In the following cases guest statutes were declared invalid on federal constitutional grounds: McGeehan v. Bunch, 88 N.M. 308, 540 P.2d 238 (1975); Laakonen v. Eighth Judicial District Court, 91 Nev. 506, 538 P.2d 574 (1975); Primes v. Tyler, 43 Ohio St.2d 195, 331 N.E.2d 723 (1975); Thompson v. Hagan, 96 Idaho 19, 523 P.2d 1365 (1974); Henry v. Bauder, 213 Kan. 751, 518 P.2d 362 (1974); Brown v. Merlo, 8 Cal.3d 855, 106 Cal.Rptr. 388, 506 P.2d 212 (1973). In each of these cases, the statute was also invalidated on state constitutional grounds, but it is apparent that various equal protection cases in this Court, such as Jimenez v. Weinberger, 417 U.S. 628, 94 S.Ct. 2496, 41 L.Ed.2d 363 (1974); Reed v. Reed, 404 U.S. 71, 92 S.Ct. 251, 30 L.Ed.2d 255 (1971); Glona v. American Guarantee & Liability Ins. Co., 391 U.S. 73, 88 S.Ct. 1515, 20 L.Ed.2d 441 (1968), were read as requiring a different federal constitutional result from that announced in Silver v. Silver and were influential factors in arriving at the state-law conclusion.

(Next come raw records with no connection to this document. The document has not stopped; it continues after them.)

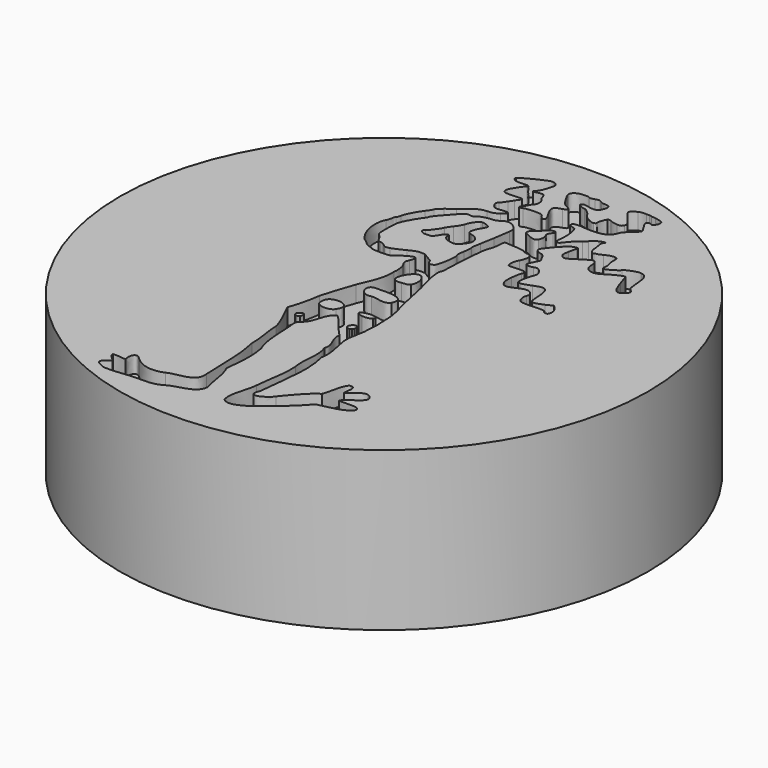
from build123d import *

# Parameters (mm, degrees)
F0_R     = 80
F1_DEPTH = 48
F3_DEPTH = 5


# Not quite as in the source:
# - ends of sketch curves that miss each other by under 0.0002 mm in the source are joined


with BuildPart() as f1:
    # F0 (on Top) → F1 (new body)
    with BuildSketch(Plane.XY):
        Circle(F0_R)
    extrude(amount=F1_DEPTH)

    # F2 (on face) → F3 (cut)
    with BuildSketch(Plane.XY.offset(48)):
        with BuildLine():
            add(Edge.make_bspline(
                [(24.522725, 70.595034), (24.233063, 70.702186), (24.086779, 70.724752), (23.891583, 70.722918)],
                knots=[0, 0, 0, 0, 1, 1, 1, 1], degree=3))
            add(Edge.make_bspline(
                [(23.891583, 70.722918), (23.696395, 70.720937), (23.451897, 70.694859), (22.966103, 70.705838)],
                knots=[0, 0, 0, 0, 1, 1, 1, 1], degree=3))
            add(Edge.make_bspline(
                [(22.966103, 70.705838), (22.184409, 70.723505), (21.250285, 70.779224), (20.571622, 70.377314)],
                knots=[0, 0, 0, 0, 1, 1, 1, 1], degree=3))
            add(Edge.make_bspline(
                [(20.571622, 70.377314), (19.890033, 69.973671), (18.8612, 69.219207), (18.8612, 68.802492)],
                knots=[0, 0, 0, 0, 1, 1, 1, 1], degree=3))
            add(Edge.make_bspline(
                [(18.8612, 68.802492), (18.8612, 68.689275), (19.337049, 68.113525), (19.831339, 67.453667)],
                knots=[0, 0, 0, 0, 1, 1, 1, 1], degree=3))
            add(Edge.make_bspline(
                [(19.831339, 67.453667), (21.496927, 65.230168), (22.01242, 64.899948), (22.413232, 64.067551)],
                knots=[0, 0, 0, 0, 1, 1, 1, 1], degree=3))
            add(Edge.make_bspline(
                [(22.413232, 64.067551), (22.937084, 63.513009), (22.843567, 63.926617), (22.422602, 62.96512)],
                knots=[0, 0, 0, 0, 1, 1, 1, 1], degree=3))
            add(Edge.make_bspline(
                [(22.422602, 62.96512), (22.164591, 62.288128), (21.88761, 62.167018), (20.751869, 62.235863)],
                knots=[0, 0, 0, 0, 1, 1, 1, 1], degree=3))
            add(Edge.make_bspline(
                [(20.751869, 62.235863), (20.002978, 62.281262), (19.029935, 62.508202), (18.589451, 62.740226)],
                knots=[0, 0, 0, 0, 1, 1, 1, 1], degree=3))
            add(Edge.make_bspline(
                [(18.589451, 62.740226), (18.100083, 62.997999), (17.672664, 63.03436), (17.490881, 62.833932)],
                knots=[0, 0, 0, 0, 1, 1, 1, 1], degree=3))
            add(Edge.make_bspline(
                [(17.490881, 62.833932), (17.038191, 62.334819), (16.376702, 60.170166), (16.577517, 59.845244)],
                knots=[0, 0, 0, 0, 1, 1, 1, 1], degree=3))
            add(Edge.make_bspline(
                [(16.577517, 59.845244), (16.675025, 59.687473), (16.42429, 59.453686), (16.020238, 59.325447)],
                knots=[0, 0, 0, 0, 1, 1, 1, 1], degree=3))
            add(Edge.make_bspline(
                [(16.020238, 59.325447), (15.219529, 59.071311), (12.594199, 60.644373), (12.228428, 61.597556)],
                knots=[0, 0, 0, 0, 1, 1, 1, 1], degree=3))
            add(Edge.make_bspline(
                [(12.228428, 61.597556), (11.952922, 62.315509), (10.32579, 63.715941), (9.751267, 63.729657)],
                knots=[0, 0, 0, 0, 1, 1, 1, 1], degree=3))
            add(Edge.make_bspline(
                [(9.751267, 63.729657), (9.494504, 63.735781), (7.426648, 64.17), (7.647828, 64.937921)],
                knots=[0, 0, 0, 0, 1, 1, 1, 1], degree=3))
            add(Edge.make_bspline(
                [(7.647828, 64.937921), (8.277054, 65.725744), (9.846808, 64.956576), (10.980478, 64.886105)],
                knots=[0, 0, 0, 0, 1, 1, 1, 1], degree=3))
            add(Edge.make_bspline(
                [(10.980478, 64.886105), (12.577906, 64.786825), (13.067226, 65.165762), (13.559613, 66.882607)],
                knots=[0, 0, 0, 0, 1, 1, 1, 1], degree=3))
            add(Edge.make_bspline(
                [(13.559613, 66.882607), (13.916173, 68.125864), (13.360638, 68.640806), (11.806198, 68.507592)],
                knots=[0, 0, 0, 0, 1, 1, 1, 1], degree=3))
            add(Edge.make_bspline(
                [(11.806198, 68.507592), (11.321405, 68.466043), (10.853308, 68.801899), (10.525724, 68.977227)],
                knots=[0, 0, 0, 0, 1, 1, 1, 1], degree=3))
            add(Edge.make_bspline(
                [(10.525724, 68.977227), (9.877545, 69.324143), (9.924196, 69.461782), (8.597574, 69.064318)],
                knots=[0, 0, 0, 0, 1, 1, 1, 1], degree=3))
            add(Edge.make_bspline(
                [(8.597574, 69.064318), (7.506288, 68.73736), (7.030529, 68.71743), (6.937864, 68.995416)],
                knots=[0, 0, 0, 0, 1, 1, 1, 1], degree=3))
            add(Edge.make_bspline(
                [(6.937864, 68.995416), (6.866423, 69.209738), (5.719491, 69.108415), (4.974436, 69.108415)],
                knots=[0, 0, 0, 0, 1, 1, 1, 1], degree=3))
            add(Edge.make_bspline(
                [(4.974436, 69.108415), (3.344859, 69.108415), (1.845701, 67.945318), (2.159379, 66.98734)],
                knots=[0, 0, 0, 0, 1, 1, 1, 1], degree=3))
            add(Edge.make_bspline(
                [(2.159379, 66.98734), (2.644291, 65.506427), (3.555651, 64.36065), (3.708294, 64.093459)],
                knots=[0, 0, 0, 0, 1, 1, 1, 1], degree=3))
            Line((3.708294, 64.093459), (4.061072, 63.476097))
            add(Edge.make_bspline(
                [(4.061072, 63.476097), (4.241169, 63.16085), (4.670435, 62.567618), (5.51683, 62.152077)],
                knots=[0, 0, 0, 0, 1, 1, 1, 1], degree=3))
            add(Edge.make_bspline(
                [(5.51683, 62.152077), (7.271411, 61.290653), (7.334279, 60.85184), (5.768186, 60.389292)],
                knots=[0, 0, 0, 0, 1, 1, 1, 1], degree=3))
            add(Edge.make_bspline(
                [(5.768186, 60.389292), (3.30002, 59.660317), (3.118873, 58.929393), (4.750089, 56.278327)],
                knots=[0, 0, 0, 0, 1, 1, 1, 1], degree=3))
            add(Edge.make_bspline(
                [(4.750089, 56.278327), (5.332172, 55.332321), (5.808422, 54.322457), (5.808422, 54.03433)],
                knots=[0, 0, 0, 0, 1, 1, 1, 1], degree=3))
            add(Edge.make_bspline(
                [(5.808422, 54.03433), (5.808422, 53.210239), (4.889352, 53.42155), (4.253446, 54.39207)],
                knots=[0, 0, 0, 0, 1, 1, 1, 1], degree=3))
            add(Edge.make_bspline(
                [(4.253446, 54.39207), (3.73622, 55.181454), (3.437231, 55.274014), (1.406969, 55.274014)],
                knots=[0, 0, 0, 0, 1, 1, 1, 1], degree=3))
            add(Edge.make_bspline(
                [(1.406969, 55.274014), (0.159392, 55.274014), (-1.266395, 55.089458), (-1.761416, 54.863911)],
                knots=[0, 0, 0, 0, 1, 1, 1, 1], degree=3))
            add(Edge.make_bspline(
                [(-1.761416, 54.863911), (-2.993516, 54.302529), (-3.294449, 54.750966), (-2.356176, 55.749714)],
                knots=[0, 0, 0, 0, 1, 1, 1, 1], degree=3))
            add(Edge.make_bspline(
                [(-2.356176, 55.749714), (-1.929724, 56.203648), (-1.687482, 57.017572), (-1.423522, 57.390681)],
                knots=[0, 0, 0, 0, 1, 1, 1, 1], degree=3))
            add(Edge.make_bspline(
                [(-1.423522, 57.390681), (-1.03471, 57.940266), (-0.466679, 58.411795), (-0.481495, 59.042121)],
                knots=[0, 0, 0, 0, 1, 1, 1, 1], degree=3))
            Line((-0.481495, 59.042121), (-1.001298, 60.953186))
            add(Edge.make_bspline(
                [(-1.001298, 60.953186), (-1.99067, 61.768707), (-1.593124, 62.769955), (-2.273976, 63.235297)],
                knots=[0, 0, 0, 0, 1, 1, 1, 1], degree=3))
            add(Edge.make_bspline(
                [(-2.273976, 63.235297), (-3.104235, 63.80275), (-5.087721, 62.734017), (-5.282036, 62.999297)],
                knots=[0, 0, 0, 0, 1, 1, 1, 1], degree=3))
            add(Edge.make_bspline(
                [(-5.282036, 62.999297), (-5.39946, 63.189292), (-5.293607, 63.473543), (-5.046668, 63.630989)],
                knots=[0, 0, 0, 0, 1, 1, 1, 1], degree=3))
            add(Edge.make_bspline(
                [(-5.046668, 63.630989), (-4.481129, 63.991582), (-3.871625, 65.249317), (-3.319711, 67.195699)],
                knots=[0, 0, 0, 0, 1, 1, 1, 1], degree=3))
            add(Edge.make_bspline(
                [(-3.319711, 67.195699), (-2.952041, 68.492326), (-2.970916, 68.790489), (-3.448695, 69.268268)],
                knots=[0, 0, 0, 0, 1, 1, 1, 1], degree=3))
            add(Edge.make_bspline(
                [(-3.448695, 69.268268), (-3.755629, 69.575205), (-4.378445, 69.826097), (-4.832795, 69.826097)],
                knots=[0, 0, 0, 0, 1, 1, 1, 1], degree=3))
            add(Edge.make_bspline(
                [(-4.832795, 69.826097), (-5.867523, 69.826097), (-12.562215, 66.553353), (-12.801164, 65.93066)],
                knots=[0, 0, 0, 0, 1, 1, 1, 1], degree=3))
            add(Edge.make_bspline(
                [(-12.801164, 65.93066), (-13.103503, 65.142783), (-11.77094, 64.413888), (-10.33117, 64.579631)],
                knots=[0, 0, 0, 0, 1, 1, 1, 1], degree=3))
            add(Edge.make_bspline(
                [(-10.33117, 64.579631), (-9.158629, 64.71461), (-7.35364, 64.903716), (-8.086619, 64.186614)],
                knots=[0, 0, 0, 0, 1, 1, 1, 1], degree=3))
            add(Edge.make_bspline(
                [(-8.086619, 64.186614), (-8.451558, 63.829584), (-10.772142, 60.580706), (-10.772142, 59.695313)],
                knots=[0, 0, 0, 0, 1, 1, 1, 1], degree=3))
            add(Edge.make_bspline(
                [(-10.772142, 59.695313), (-10.772142, 58.627779), (-10.244513, 58.293024), (-8.72217, 58.395547)],
                knots=[0, 0, 0, 0, 1, 1, 1, 1], degree=3))
            add(Edge.make_bspline(
                [(-8.72217, 58.395547), (-7.82656, 58.455864), (-6.579872, 58.530695), (-5.651349, 58.549886)],
                knots=[0, 0, 0, 0, 1, 1, 1, 1], degree=3))
            add(Edge.make_bspline(
                [(-5.651349, 58.549886), (-3.885942, 58.586366), (-5.648809, 57.191723), (-5.842072, 56.658117)],
                knots=[0, 0, 0, 0, 1, 1, 1, 1], degree=3))
            Line((-5.842072, 56.658117), (-6.67165, 55.343466))
            add(Edge.make_bspline(
                [(-6.67165, 55.343466), (-7.128023, 54.620523), (-7.751509, 53.821326), (-8.057407, 53.567453)],
                knots=[0, 0, 0, 0, 1, 1, 1, 1], degree=3))
            add(Edge.make_bspline(
                [(-8.057407, 53.567453), (-8.656912, 53.069906), (-8.521332, 52.301858), (-7.656121, 51.295341)],
                knots=[0, 0, 0, 0, 1, 1, 1, 1], degree=3))
            add(Edge.make_bspline(
                [(-7.656121, 51.295341), (-7.204923, 50.77045), (-6.780399, 50.705353), (-5.063754, 50.89957)],
                knots=[0, 0, 0, 0, 1, 1, 1, 1], degree=3))
            add(Edge.make_bspline(
                [(-5.063754, 50.89957), (-2.627062, 51.17525), (-2.439217, 50.807322), (-4.294809, 49.391995)],
                knots=[0, 0, 0, 0, 1, 1, 1, 1], degree=3))
            add(Edge.make_bspline(
                [(-4.294809, 49.391995), (-5.284181, 48.637364), (-6.002764, 48.400218), (-7.426265, 48.359019)],
                knots=[0, 0, 0, 0, 1, 1, 1, 1], degree=3))
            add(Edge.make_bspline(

Additionally, in two cases guest statutes were invalidated on state constitutional grounds: Manistee Bank & Trust Co. v. McGowan, 394 Mich. 655, 232 N.W.2d 636 (1975); Johnson v. Hassett, 217 N.W.2d 771 (N.D.1974).
In the following cases guest statutes were upheld: Sidle v. Majors, 536 F.2d 1156 (CA7), cert. denied, 429 U.S. 945, 97 S.Ct. 366, 50 L.Ed.2d 316 (1976); Behrns v. Burke, 89 S.D. 96, 229 N.W.2d 86 (1975); White v. Hughes, 257 Ark. 627, 519 S.W.2d 70, appeal dismissed for want of substantial federal question, 423 U.S. 805, 96 S.Ct. 15, 46 L.Ed.2d 26 (1975); Richardson v. Hansen, 186 Colo. 346, 527 P.2d 536 (1974); Duerst v. Limbocker, 269 Or. 252, 525 P.2d 99 (1974); Cannon v. Oviatt, 520 P.2d 883 (Utah), appeal dismissed for want of substantial federal question, 419 U.S. 810, 95 S.Ct. 24, 42 L.Ed.2d 37 (1974); Keasling v. Thompson, 217 N.W.2d 687 (Iowa 1974); Justice v. Gatchell, 325 A.2d 97 (Del.1974); Tisko v. Harrison, 500 S.W.2d 565 (Tex.Civ.App.1973); Delany v. Badame, 49 Ill.2d 168, 74 N.E.2d 353 (1971).